Die Geschichte von Sophie Kassies in der Übersetzung von Eva Maria Pieper geht auf die Legende der Selkies zurück. Diese besagt, dass Selkies magische Wesen in Seehundgestalt sind, die zu Menschen werden können, wenn sie ihr Fell ablegen. Sie müssen aber nach einer bestimmten Zeit wieder in ihren natürlichen Lebensraum, das Meer, zurückkehren. Es gibt unterschiedliche Angaben darüber wie oft sich ein Selkie wandeln kann. Da sie sich immer wieder in ihre Seehundgestalt zurückverwandeln müssen, enden die Geschichten meist traurig. 

 

So ist es auch beim Stück in Konstanz. Das hat mich ein bisschen ratlos zurückgelassen, weil sich Oruk für mich zu schnell entschieden hat, wo er leben möchte. Natürlich geht es im Theaterstück um die Entwicklung der Figuren und der Geschichte, aber das ging mir ein bisschen zu schnell. Aber vielleicht ist das für Kinder auch gar kein Problem und ich meine Gedanken sind zu kompliziert. Ich habe dieses Problem auch oft bei Büchern, dass mir Entscheidungen am Ende dann zu schnell gehen. Das ist aber für mich auch der einzige Kritikpunkt an der Inszenierung. Das spannende und reduzierte Bühnenbild, das mit Papierbahnen das Ewige Eis darstellt und eine schöne Projektionsfläche für die Unterwasserwelt ist, fügt sich wunderbar ein in die Geschichte und lässt Raum für die direkte Interaktion zwischen den Hauptfiguren. Durch die Beleuchtung entstanden immer wieder neue Welten, das ewige Eis oder die Unterwasserwelt oder das Heim der Fischersfamilie. Auch bei den Kostümen ist die Umsetzung sparsam, lenkt nicht ab und doch ist immer klar welche Figur gerade auf der Bühne steht. Bewundernswert finde ich immer, dass sich die Schauspieler nicht von den Reaktionen der Kinder aus der Ruhe bringen lassen. Als ich mir das Stück angeguckt habe, waren recht unruhige und vorpubertäre Kids da, die jedes Mal bei der Erwähnung des Worts „nackig“ einen Lachanfall bekommen haben. 
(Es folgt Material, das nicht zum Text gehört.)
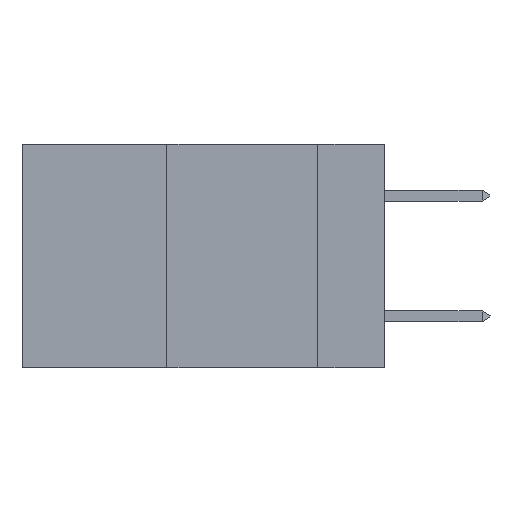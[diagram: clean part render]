
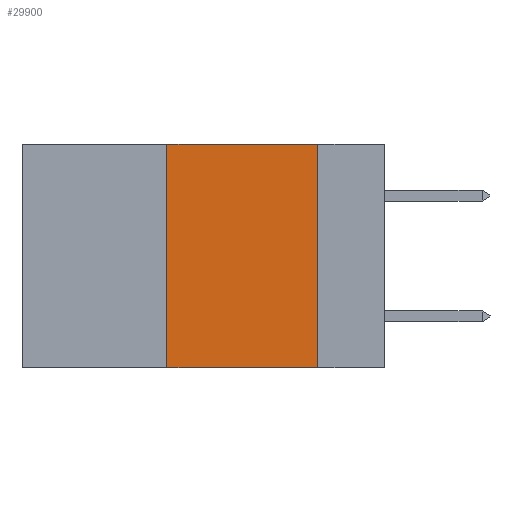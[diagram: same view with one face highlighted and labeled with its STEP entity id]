
A CAD part, left-side view. The second image highlights one B-rep face of the part: STEP entity #29900.
In plain terms, the highlighted planar face has unit normal (-1, 0, 0).
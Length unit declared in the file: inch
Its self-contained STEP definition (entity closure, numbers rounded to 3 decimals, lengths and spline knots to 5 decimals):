
#3731 = VERTEX_POINT ( 'NONE', #27008 ) ;
#4005 = CARTESIAN_POINT ( 'NONE',  ( 0., 0.6, 0. ) ) ;
#4208 = VERTEX_POINT ( 'NONE', #12384 ) ;
#4399 = VECTOR ( 'NONE', #19011, 39.37008 ) ;
#5450 = ORIENTED_EDGE ( 'NONE', *, *, #7761, .F. ) ;
#5677 = EDGE_LOOP ( 'NONE', ( #7392, #5450, #9632, #30382 ) ) ;
#5679 = PLANE ( 'NONE',  #29803 ) ;
#6978 = LINE ( 'NONE', #13931, #15566 ) ;
#7392 = ORIENTED_EDGE ( 'NONE', *, *, #29141, .F. ) ;
#7614 = LINE ( 'NONE', #16877, #4399 ) ;
#7761 = EDGE_CURVE ( 'NONE', #13400, #3731, #7614, .T. ) ;
#8315 = EDGE_CURVE ( 'NONE', #4208, #22954, #19727, .T. ) ;
#8966 = CARTESIAN_POINT ( 'NONE',  ( 0., 0.36, 0. ) ) ;
#9632 = ORIENTED_EDGE ( 'NONE', *, *, #21214, .F. ) ;
#12360 = VECTOR ( 'NONE', #15464, 39.37008 ) ;
#12384 = CARTESIAN_POINT ( 'NONE',  ( 0., 0.36, -0.37 ) ) ;
#13400 = VERTEX_POINT ( 'NONE', #20580 ) ;
#13399 = DIRECTION ( 'NONE',  ( 1., 0., 0. ) ) ;
#13931 = CARTESIAN_POINT ( 'NONE',  ( 0., 0.11, 0. ) ) ;
#14392 = DIRECTION ( 'NONE',  ( 0., 0., -1. ) ) ;
#15464 = DIRECTION ( 'NONE',  ( 0., 0., 1. ) ) ;
#15566 = VECTOR ( 'NONE', #14392, 39.37008 ) ;
#16877 = CARTESIAN_POINT ( 'NONE',  ( 0., 0.6, 0. ) ) ;
#17433 = CARTESIAN_POINT ( 'NONE',  ( 0., 0.6, -0.37 ) ) ;
#17857 = VECTOR ( 'NONE', #19428, 39.37008 ) ;
#17996 = FACE_OUTER_BOUND ( 'NONE', #5677, .T. ) ;
#19011 = DIRECTION ( 'NONE',  ( 0., -1., 0. ) ) ;
#19428 = DIRECTION ( 'NONE',  ( 0., -1., 0. ) ) ;
#19727 = LINE ( 'NONE', #17433, #17857 ) ;
#20580 = CARTESIAN_POINT ( 'NONE',  ( 0., 0.36, 0. ) ) ;
#21214 = EDGE_CURVE ( 'NONE', #4208, #13400, #27269, .T. ) ;
#22954 = VERTEX_POINT ( 'NONE', #29714 ) ;
#27008 = CARTESIAN_POINT ( 'NONE',  ( 0., 0.11, 0. ) ) ;
#27269 = LINE ( 'NONE', #8966, #12360 ) ;
#29141 = EDGE_CURVE ( 'NONE', #3731, #22954, #6978, .T. ) ;
#29714 = CARTESIAN_POINT ( 'NONE',  ( 0., 0.11, -0.37 ) ) ;
#29803 = AXIS2_PLACEMENT_3D ( 'NONE', #4005, #13399, #29840 ) ;
#29840 = DIRECTION ( 'NONE',  ( 0., 0., -1. ) ) ;
#29900 = ADVANCED_FACE ( 'NONE', ( #17996 ), #5679, .F. ) ;
#30382 = ORIENTED_EDGE ( 'NONE', *, *, #8315, .T. ) ;
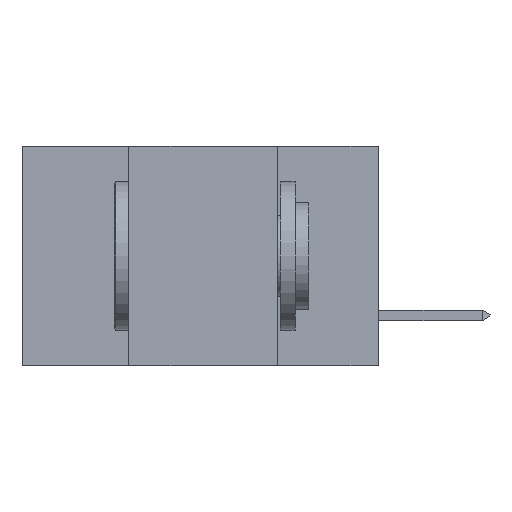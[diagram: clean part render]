
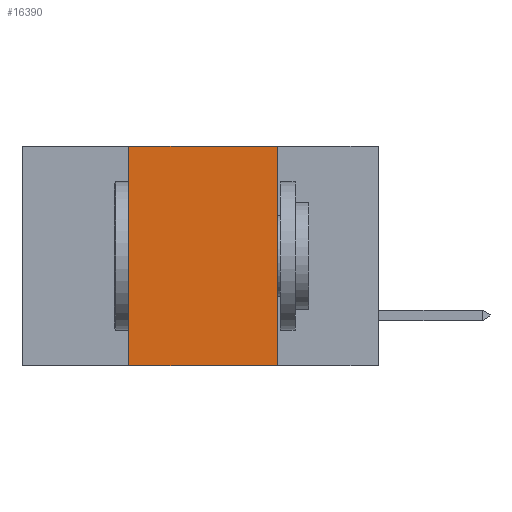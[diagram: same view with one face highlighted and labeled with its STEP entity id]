
A CAD part, left-side view. The second image highlights one B-rep face of the part: STEP entity #16390.
In plain terms, the highlighted planar face has unit normal (-1, 0, 0).
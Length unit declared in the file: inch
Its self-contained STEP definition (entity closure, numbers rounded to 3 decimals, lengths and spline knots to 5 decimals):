
#237 = DIRECTION ( 'NONE',  ( 0., 0., -1. ) ) ;
#657 = LINE ( 'NONE', #10534, #22829 ) ;
#985 = LINE ( 'NONE', #4517, #20524 ) ;
#1399 = CARTESIAN_POINT ( 'NONE',  ( 0., 0.6, 0. ) ) ;
#3339 = FACE_OUTER_BOUND ( 'NONE', #20050, .T. ) ;
#4017 = LINE ( 'NONE', #18041, #15695 ) ;
#4517 = CARTESIAN_POINT ( 'NONE',  ( 0., 0.6, 0. ) ) ;
#4921 = ORIENTED_EDGE ( 'NONE', *, *, #20876, .F. ) ;
#4956 = EDGE_CURVE ( 'NONE', #18259, #7464, #4017, .T. ) ;
#6475 = EDGE_CURVE ( 'NONE', #11906, #7464, #17171, .T. ) ;
#7464 = VERTEX_POINT ( 'NONE', #17399 ) ;
#10534 = CARTESIAN_POINT ( 'NONE',  ( 0., 0.42, -0.37 ) ) ;
#11187 = VECTOR ( 'NONE', #19378, 39.37008 ) ;
#11417 = PLANE ( 'NONE',  #12953 ) ;
#11906 = VERTEX_POINT ( 'NONE', #24685 ) ;
#12351 = DIRECTION ( 'NONE',  ( 0., 0., 1. ) ) ;
#12953 = AXIS2_PLACEMENT_3D ( 'NONE', #1399, #15031, #18932 ) ;
#13272 = CARTESIAN_POINT ( 'NONE',  ( 0., 0.6, -0.37 ) ) ;
#14285 = ORIENTED_EDGE ( 'NONE', *, *, #6475, .T. ) ;
#14641 = DIRECTION ( 'NONE',  ( 0., -1., 0. ) ) ;
#15031 = DIRECTION ( 'NONE',  ( 1., 0., 0. ) ) ;
#15564 = CARTESIAN_POINT ( 'NONE',  ( 0., 0.17, 0. ) ) ;
#15695 = VECTOR ( 'NONE', #237, 39.37008 ) ;
#15704 = ORIENTED_EDGE ( 'NONE', *, *, #21580, .F. ) ;
#16390 = ADVANCED_FACE ( 'NONE', ( #3339 ), #11417, .F. ) ;
#17171 = LINE ( 'NONE', #13272, #11187 ) ;
#17399 = CARTESIAN_POINT ( 'NONE',  ( 0., 0.17, -0.37 ) ) ;
#18041 = CARTESIAN_POINT ( 'NONE',  ( 0., 0.17, -0.37 ) ) ;
#18096 = CARTESIAN_POINT ( 'NONE',  ( 0., 0.42, 0. ) ) ;
#18259 = VERTEX_POINT ( 'NONE', #15564 ) ;
#18932 = DIRECTION ( 'NONE',  ( 0., 0., -1. ) ) ;
#19378 = DIRECTION ( 'NONE',  ( 0., -1., 0. ) ) ;
#20050 = EDGE_LOOP ( 'NONE', ( #23099, #4921, #15704, #14285 ) ) ;
#20524 = VECTOR ( 'NONE', #14641, 39.37008 ) ;
#20876 = EDGE_CURVE ( 'NONE', #23416, #18259, #985, .T. ) ;
#21580 = EDGE_CURVE ( 'NONE', #11906, #23416, #657, .T. ) ;
#22829 = VECTOR ( 'NONE', #12351, 39.37008 ) ;
#23099 = ORIENTED_EDGE ( 'NONE', *, *, #4956, .F. ) ;
#23416 = VERTEX_POINT ( 'NONE', #18096 ) ;
#24685 = CARTESIAN_POINT ( 'NONE',  ( 0., 0.42, -0.37 ) ) ;
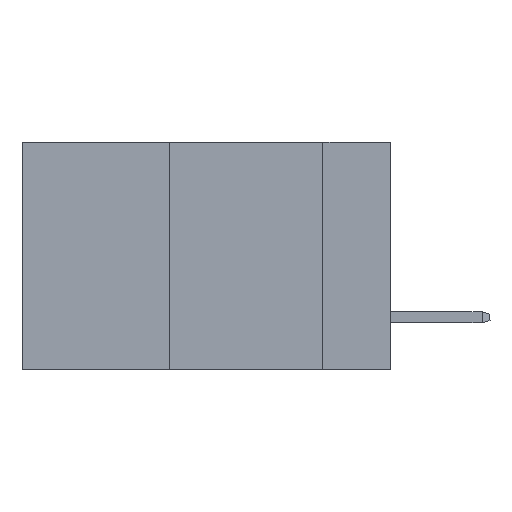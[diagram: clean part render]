
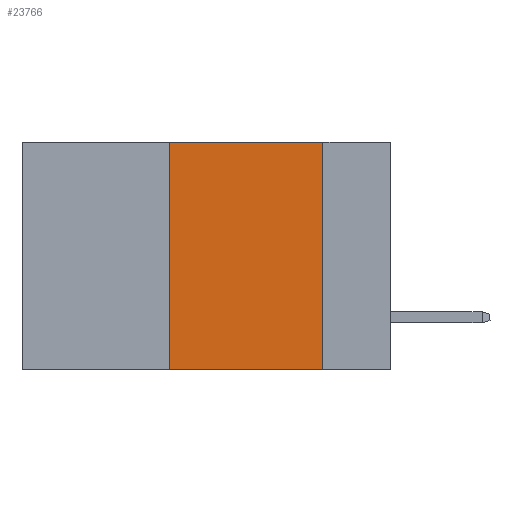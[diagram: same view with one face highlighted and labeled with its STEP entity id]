
A CAD part, left-side view. The second image highlights one B-rep face of the part: STEP entity #23766.
In plain terms, the highlighted planar face has unit normal (-1, 0, 0).
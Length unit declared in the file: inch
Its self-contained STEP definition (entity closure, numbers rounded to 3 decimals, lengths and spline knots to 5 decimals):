
#216 = VERTEX_POINT ( 'NONE', #18945 ) ;
#476 = DIRECTION ( 'NONE',  ( 1., 0., 0. ) ) ;
#638 = DIRECTION ( 'NONE',  ( 0., -1., 0. ) ) ;
#1219 = ORIENTED_EDGE ( 'NONE', *, *, #17038, .F. ) ;
#1379 = FACE_OUTER_BOUND ( 'NONE', #8255, .T. ) ;
#3503 = VECTOR ( 'NONE', #30760, 39.37008 ) ;
#6810 = VERTEX_POINT ( 'NONE', #34089 ) ;
#6818 = LINE ( 'NONE', #12246, #35070 ) ;
#8255 = EDGE_LOOP ( 'NONE', ( #1219, #22656, #10600, #28637 ) ) ;
#8446 = CARTESIAN_POINT ( 'NONE',  ( 0., 0.11, 0. ) ) ;
#8921 = CARTESIAN_POINT ( 'NONE',  ( 0., 0.6, 0. ) ) ;
#10600 = ORIENTED_EDGE ( 'NONE', *, *, #25044, .F. ) ;
#11716 = CARTESIAN_POINT ( 'NONE',  ( 0., 0.36, 0. ) ) ;
#12246 = CARTESIAN_POINT ( 'NONE',  ( 0., 0.6, -0.37 ) ) ;
#12674 = CARTESIAN_POINT ( 'NONE',  ( 0., 0.11, -0.37 ) ) ;
#15879 = EDGE_CURVE ( 'NONE', #6810, #31185, #6818, .T. ) ;
#17038 = EDGE_CURVE ( 'NONE', #21900, #31185, #24781, .T. ) ;
#17050 = CARTESIAN_POINT ( 'NONE',  ( 0., 0.6, 0. ) ) ;
#17973 = LINE ( 'NONE', #8921, #24388 ) ;
#18945 = CARTESIAN_POINT ( 'NONE',  ( 0., 0.36, 0. ) ) ;
#19794 = DIRECTION ( 'NONE',  ( 0., 0., -1. ) ) ;
#21900 = VERTEX_POINT ( 'NONE', #8446 ) ;
#22004 = EDGE_CURVE ( 'NONE', #216, #21900, #17973, .T. ) ;
#22656 = ORIENTED_EDGE ( 'NONE', *, *, #22004, .F. ) ;
#23024 = DIRECTION ( 'NONE',  ( 0., 0., -1. ) ) ;
#23766 = ADVANCED_FACE ( 'NONE', ( #1379 ), #27936, .F. ) ;
#24388 = VECTOR ( 'NONE', #638, 39.37008 ) ;
#24639 = LINE ( 'NONE', #11716, #3503 ) ;
#24781 = LINE ( 'NONE', #31103, #31128 ) ;
#25044 = EDGE_CURVE ( 'NONE', #6810, #216, #24639, .T. ) ;
#25981 = DIRECTION ( 'NONE',  ( 0., -1., 0. ) ) ;
#27936 = PLANE ( 'NONE',  #33037 ) ;
#28637 = ORIENTED_EDGE ( 'NONE', *, *, #15879, .T. ) ;
#30760 = DIRECTION ( 'NONE',  ( 0., 0., 1. ) ) ;
#31103 = CARTESIAN_POINT ( 'NONE',  ( 0., 0.11, 0. ) ) ;
#31128 = VECTOR ( 'NONE', #23024, 39.37008 ) ;
#31185 = VERTEX_POINT ( 'NONE', #12674 ) ;
#33037 = AXIS2_PLACEMENT_3D ( 'NONE', #17050, #476, #19794 ) ;
#34089 = CARTESIAN_POINT ( 'NONE',  ( 0., 0.36, -0.37 ) ) ;
#35070 = VECTOR ( 'NONE', #25981, 39.37008 ) ;

Sehr spannend zu sehen war wie die grönländische Sängerin und Schauspielerin Kimmernaq Kjeldsen gespielt und mit den anderen Personen interagiert hat. Das zeigt, dass Theaterspielen und Musik universell sind. Dass man toll zusammenarbeiten kann, auch wenn man nicht dieselbe Sprache spricht und wunderbar miteinander arbeiten kann, auch wenn man aus unterschiedlichen Regionen und Kulturen kommt. Sie hat eine klare, kraftvolle Stimme und obwohl ich keine Ahnung habe, was der Inhalt ihrer Lieder war, hatte man Gänsehaut wenn sie gesungen hat.  Auch Gregor Müller überzeugte völlig in seiner Darstellung der beiden Persönlichkeiten Fischer und Oruk. Spannend, dass einem guten Schauspieler eine Mütze ausreicht, um klarzustellen in welcher Rolle er gerade steckt. Die Musiker will ich nicht unerwähnt lassen, die einerseits natürlich die musikalische Unterstützung für die Sängerin waren, andererseits auch eine Art „Watson“-Figur fürs Publikum darstellten. Sie übersetzten und gaben neue Impulse, um die Geschichte voranzutreiben. 

„Das Kind der Seehundfrau“ ist eine zauberhafte, anmutige, mutmachende, aber auch traurige Geschichte über Familie, Loslassen, Liebe, Erwachsenwerden und darüber die richtigen, wenn auch manchmal schmerzhaften, Entscheidungen zu treffen. Unbedingt angucken!